C'est là ce qui résulte de votre article 5. Eh bien, voulez-vous me dire, s'il vous plaît, la différence sensible qu'il y aura entre ces établissements ou ces agrégations dépendant de l'association qui a fait sa déclaration, et les associations diverses, ayant fait chacune leur déclaration, qui s'unissent dans un but commun et dont l'union ou la fédération, après la déclaration indiquée dans notre amendement, aura la même personnalité civile, restreinte ou non, que l'association elle-même ? Prenez garde! on va, par le silence de la loi, créer des difficultés d'application et constituer, par là peut-être, des manquements à la loi sur lesquels il sera très difficile d'être éclairé.

Comment distinguerez-vous entre l'union, la fédération, qui semble interdite par le silence de la loi, et ces agrégations ou établissements divers relevant de la même association, qui sont incontestablement permis? Est-ce que, suivant l'interprétation et le caprice, ces établissements, à raison de leur activité propre sur certains points, à raison de leur développement en tant que succursales, seront considérés comme des associations isolées et seront entrepris pour leurs relations avec l'association centrale, parce qu'ils constitueront avec elle une sorte d'union ou de fédération? Il sera bien difficile de distinguer entre cette décentralisation de l'association dont les éléments ou agrégations auront une activité propre ou des ressources propres, et l'association unie à une autre par les liens de la fédération. (Très bien! très bien! à droite.)

des associations? En somme, veuillez vous le rappeler, ces associations ne peuvent exister qu'à la condition qu'elles soient licites; leur union ne pourra exister qu'à la condition que le but de cette union soit licite ; l'union de ces associations sera soumise à la déclaration; elle n'offre, par conséquent, aucun danger.

Laissez-moi vous indiquer maintenant tous les inconvénients qu'offrirait le silence de la loi sur la faculté de fédération ou la négation de cette faculté qu'on tenterait d'en déduire.

D'abord, permettez-moi de vous faire remarquer, monsieur le président du conseil, que vous vous mettriez en contradiction avec vous-même.

En effet, dans le projet de loi que vous avez déposé, en 1899, sur les associations syndicales, vous n'avez pas hésité à admettre le principe des unions. Je lis dans l'article 5 de ce projet, du 14 novembre 1899, la disposition suivante qui consacre la légalité des unions en fédération :

« Art. 5. Les dispositions de l'article 4 sont applicables aux unions de syndicats, qui devront, en outre, faire connaître les noms des syndicats qui les composent. Ces unions pourront ester en justice; elles pourront posséder les immeubles qui sont nécessaires à leurs bureaux, à leurs réunions, à leurs bibliothèques, etc., etc. >>

Par conséquent, dans la loi sur les associations syndicales, vous admettez expressément le principe des unions ou fédérations.

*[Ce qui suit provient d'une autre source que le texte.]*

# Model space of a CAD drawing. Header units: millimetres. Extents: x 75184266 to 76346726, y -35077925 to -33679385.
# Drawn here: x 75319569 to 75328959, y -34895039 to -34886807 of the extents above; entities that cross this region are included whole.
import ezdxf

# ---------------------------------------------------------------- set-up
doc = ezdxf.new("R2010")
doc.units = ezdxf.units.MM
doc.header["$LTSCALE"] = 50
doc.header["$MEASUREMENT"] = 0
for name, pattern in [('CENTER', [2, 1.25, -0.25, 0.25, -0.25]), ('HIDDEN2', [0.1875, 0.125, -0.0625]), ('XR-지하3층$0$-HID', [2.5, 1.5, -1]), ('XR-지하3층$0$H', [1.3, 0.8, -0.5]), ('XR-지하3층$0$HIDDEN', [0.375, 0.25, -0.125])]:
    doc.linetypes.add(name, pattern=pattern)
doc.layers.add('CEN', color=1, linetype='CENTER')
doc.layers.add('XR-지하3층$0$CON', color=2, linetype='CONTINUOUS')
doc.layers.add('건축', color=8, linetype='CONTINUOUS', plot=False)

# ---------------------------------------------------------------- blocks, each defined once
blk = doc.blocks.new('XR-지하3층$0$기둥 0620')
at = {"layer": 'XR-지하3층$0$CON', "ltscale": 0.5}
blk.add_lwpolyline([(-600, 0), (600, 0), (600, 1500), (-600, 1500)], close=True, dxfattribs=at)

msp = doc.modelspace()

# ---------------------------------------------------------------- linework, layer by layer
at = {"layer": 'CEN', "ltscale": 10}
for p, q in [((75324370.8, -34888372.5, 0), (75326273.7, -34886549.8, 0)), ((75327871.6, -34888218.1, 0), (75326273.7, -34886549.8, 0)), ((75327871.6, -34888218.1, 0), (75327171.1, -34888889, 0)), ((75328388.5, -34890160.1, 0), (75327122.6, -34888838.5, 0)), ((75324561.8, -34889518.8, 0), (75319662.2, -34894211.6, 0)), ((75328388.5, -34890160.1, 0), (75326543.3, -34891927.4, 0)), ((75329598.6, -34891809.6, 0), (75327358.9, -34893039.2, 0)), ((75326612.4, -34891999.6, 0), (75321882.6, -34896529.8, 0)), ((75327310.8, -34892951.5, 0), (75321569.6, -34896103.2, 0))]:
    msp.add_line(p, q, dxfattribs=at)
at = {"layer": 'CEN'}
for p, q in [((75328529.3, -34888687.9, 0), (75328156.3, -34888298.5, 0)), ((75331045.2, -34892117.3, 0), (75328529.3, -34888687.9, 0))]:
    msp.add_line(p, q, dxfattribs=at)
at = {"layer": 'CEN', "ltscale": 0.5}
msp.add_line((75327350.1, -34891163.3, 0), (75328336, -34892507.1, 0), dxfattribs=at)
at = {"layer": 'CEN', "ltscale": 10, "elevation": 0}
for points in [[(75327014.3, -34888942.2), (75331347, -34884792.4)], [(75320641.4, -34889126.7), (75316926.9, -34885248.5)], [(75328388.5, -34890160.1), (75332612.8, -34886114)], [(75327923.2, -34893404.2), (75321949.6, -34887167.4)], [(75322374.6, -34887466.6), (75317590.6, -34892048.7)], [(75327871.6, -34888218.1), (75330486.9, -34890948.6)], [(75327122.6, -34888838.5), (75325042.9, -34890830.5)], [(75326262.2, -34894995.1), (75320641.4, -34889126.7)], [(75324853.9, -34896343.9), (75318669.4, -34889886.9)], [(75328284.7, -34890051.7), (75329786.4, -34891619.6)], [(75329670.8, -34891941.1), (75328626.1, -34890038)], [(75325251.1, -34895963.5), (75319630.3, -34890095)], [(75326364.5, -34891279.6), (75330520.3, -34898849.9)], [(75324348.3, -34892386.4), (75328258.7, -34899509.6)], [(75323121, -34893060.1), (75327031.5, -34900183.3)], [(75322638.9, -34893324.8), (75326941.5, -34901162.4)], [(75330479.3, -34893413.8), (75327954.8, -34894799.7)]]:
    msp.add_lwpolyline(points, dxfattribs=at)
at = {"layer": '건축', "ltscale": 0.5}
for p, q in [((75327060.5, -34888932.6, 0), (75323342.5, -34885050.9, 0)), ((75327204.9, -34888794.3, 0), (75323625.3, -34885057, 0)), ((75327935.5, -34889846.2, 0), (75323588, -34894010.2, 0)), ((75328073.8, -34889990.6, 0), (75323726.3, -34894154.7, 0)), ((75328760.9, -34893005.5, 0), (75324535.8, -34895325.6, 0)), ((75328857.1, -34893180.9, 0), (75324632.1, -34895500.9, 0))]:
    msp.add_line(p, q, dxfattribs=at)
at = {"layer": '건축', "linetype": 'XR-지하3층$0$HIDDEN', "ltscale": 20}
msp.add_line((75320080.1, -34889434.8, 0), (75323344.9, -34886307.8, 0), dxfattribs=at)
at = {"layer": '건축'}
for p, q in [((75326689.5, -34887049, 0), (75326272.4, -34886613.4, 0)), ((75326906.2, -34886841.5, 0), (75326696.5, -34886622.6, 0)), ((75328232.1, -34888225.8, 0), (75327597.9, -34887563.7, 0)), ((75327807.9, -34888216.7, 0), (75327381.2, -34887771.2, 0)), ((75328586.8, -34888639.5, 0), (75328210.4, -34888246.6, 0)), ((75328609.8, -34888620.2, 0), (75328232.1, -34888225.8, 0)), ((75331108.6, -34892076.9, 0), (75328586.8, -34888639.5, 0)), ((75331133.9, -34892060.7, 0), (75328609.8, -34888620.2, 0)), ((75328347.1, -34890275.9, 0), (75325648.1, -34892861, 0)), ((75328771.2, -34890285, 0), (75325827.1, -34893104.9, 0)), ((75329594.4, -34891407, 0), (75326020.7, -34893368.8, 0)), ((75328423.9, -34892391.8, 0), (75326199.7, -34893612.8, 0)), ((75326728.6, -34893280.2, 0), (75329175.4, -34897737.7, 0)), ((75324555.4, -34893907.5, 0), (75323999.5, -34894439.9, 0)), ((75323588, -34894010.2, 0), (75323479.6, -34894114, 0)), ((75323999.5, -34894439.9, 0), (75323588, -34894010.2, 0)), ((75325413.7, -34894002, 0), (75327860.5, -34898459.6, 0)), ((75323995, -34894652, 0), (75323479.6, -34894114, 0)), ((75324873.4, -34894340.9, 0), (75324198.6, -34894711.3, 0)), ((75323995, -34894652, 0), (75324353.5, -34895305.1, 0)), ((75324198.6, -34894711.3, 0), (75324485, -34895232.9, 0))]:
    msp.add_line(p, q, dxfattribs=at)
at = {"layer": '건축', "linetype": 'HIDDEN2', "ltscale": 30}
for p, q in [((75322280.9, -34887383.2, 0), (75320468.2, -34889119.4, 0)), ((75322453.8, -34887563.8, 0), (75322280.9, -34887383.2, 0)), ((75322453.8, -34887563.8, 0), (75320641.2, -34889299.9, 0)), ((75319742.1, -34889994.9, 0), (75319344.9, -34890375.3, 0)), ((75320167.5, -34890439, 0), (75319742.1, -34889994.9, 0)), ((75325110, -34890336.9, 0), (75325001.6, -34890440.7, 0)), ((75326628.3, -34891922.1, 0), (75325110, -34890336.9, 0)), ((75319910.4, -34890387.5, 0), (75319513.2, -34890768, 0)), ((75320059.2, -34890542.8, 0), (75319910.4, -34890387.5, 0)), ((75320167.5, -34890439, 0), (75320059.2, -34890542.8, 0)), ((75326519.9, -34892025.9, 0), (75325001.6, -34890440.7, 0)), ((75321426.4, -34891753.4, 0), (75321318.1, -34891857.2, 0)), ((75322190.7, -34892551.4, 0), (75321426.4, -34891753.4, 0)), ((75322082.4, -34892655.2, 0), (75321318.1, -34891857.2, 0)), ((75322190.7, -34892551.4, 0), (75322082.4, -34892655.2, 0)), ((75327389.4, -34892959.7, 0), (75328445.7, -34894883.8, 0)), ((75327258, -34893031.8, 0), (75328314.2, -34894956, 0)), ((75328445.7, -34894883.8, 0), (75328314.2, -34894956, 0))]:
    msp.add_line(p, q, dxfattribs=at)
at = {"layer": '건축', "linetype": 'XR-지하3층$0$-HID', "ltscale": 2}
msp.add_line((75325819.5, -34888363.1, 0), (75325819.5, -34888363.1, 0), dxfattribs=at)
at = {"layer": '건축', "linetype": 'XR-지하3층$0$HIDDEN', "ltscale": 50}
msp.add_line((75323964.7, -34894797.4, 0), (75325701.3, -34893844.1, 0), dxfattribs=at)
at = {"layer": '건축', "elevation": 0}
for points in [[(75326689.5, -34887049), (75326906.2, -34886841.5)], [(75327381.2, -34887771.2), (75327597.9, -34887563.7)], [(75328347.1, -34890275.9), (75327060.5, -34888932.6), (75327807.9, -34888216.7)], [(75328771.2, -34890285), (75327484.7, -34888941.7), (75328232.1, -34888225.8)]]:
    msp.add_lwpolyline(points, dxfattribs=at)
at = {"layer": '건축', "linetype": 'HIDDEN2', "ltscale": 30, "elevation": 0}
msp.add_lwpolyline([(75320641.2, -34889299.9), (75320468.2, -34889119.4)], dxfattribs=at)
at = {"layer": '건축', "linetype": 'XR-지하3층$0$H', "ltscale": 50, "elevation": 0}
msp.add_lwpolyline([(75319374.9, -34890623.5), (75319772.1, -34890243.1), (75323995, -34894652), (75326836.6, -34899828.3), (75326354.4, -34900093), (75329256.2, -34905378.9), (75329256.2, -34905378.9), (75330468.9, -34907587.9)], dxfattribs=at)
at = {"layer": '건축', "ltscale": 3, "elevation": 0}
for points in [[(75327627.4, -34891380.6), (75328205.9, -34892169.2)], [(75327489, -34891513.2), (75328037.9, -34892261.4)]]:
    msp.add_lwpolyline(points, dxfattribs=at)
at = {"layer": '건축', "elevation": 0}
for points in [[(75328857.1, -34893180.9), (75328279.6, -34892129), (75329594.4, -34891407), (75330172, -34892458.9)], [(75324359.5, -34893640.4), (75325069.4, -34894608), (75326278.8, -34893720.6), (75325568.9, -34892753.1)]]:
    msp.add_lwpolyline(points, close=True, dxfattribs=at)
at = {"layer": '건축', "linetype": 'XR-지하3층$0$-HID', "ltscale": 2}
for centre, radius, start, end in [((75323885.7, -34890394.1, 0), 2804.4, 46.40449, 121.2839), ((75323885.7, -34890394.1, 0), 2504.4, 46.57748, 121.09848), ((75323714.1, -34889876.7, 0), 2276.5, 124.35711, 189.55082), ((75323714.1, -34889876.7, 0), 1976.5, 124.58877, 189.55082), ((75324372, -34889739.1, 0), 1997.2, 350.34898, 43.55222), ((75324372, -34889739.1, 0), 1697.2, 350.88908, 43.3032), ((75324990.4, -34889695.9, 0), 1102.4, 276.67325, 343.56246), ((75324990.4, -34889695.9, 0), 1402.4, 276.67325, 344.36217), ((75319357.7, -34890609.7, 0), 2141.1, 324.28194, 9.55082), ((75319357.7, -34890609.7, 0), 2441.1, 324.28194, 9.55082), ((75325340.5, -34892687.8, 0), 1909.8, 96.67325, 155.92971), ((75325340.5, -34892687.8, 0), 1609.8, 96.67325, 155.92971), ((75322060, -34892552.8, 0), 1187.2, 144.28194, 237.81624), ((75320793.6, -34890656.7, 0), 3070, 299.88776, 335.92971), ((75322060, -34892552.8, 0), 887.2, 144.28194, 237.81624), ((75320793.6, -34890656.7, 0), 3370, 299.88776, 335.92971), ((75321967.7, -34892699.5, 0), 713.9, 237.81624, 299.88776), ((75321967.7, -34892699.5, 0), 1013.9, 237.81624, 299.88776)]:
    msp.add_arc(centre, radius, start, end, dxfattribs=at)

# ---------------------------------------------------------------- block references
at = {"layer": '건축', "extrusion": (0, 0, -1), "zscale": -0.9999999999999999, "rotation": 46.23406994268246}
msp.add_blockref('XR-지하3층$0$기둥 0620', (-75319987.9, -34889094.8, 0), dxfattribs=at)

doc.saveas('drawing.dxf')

Vous avez déposé le même jour le projet de loi sur les associations, et vous restez muet sur ce point! Vous paraissez vouloir une confusion que je considère comme pleine d'embûches et que j'ai voulu vous contraindre à dissiper par ma proposition. (Très bien! très bien! à droite.)

D'ailleurs, le projet du conseil d'Etat sur les associations, projet mûrement délibéré, qui a fait l'objet de longues discussions au sein de cette éminente Assemblée et qui porte la date du 3 juin 1899, proclame à plusieurs reprises le principe des unions d'associations.

Je lis dans l'article 1er de ce projet :

« L'existence légale est acquise à une association ou union d'associations par l'accomplissement des formalités prévues au présent article...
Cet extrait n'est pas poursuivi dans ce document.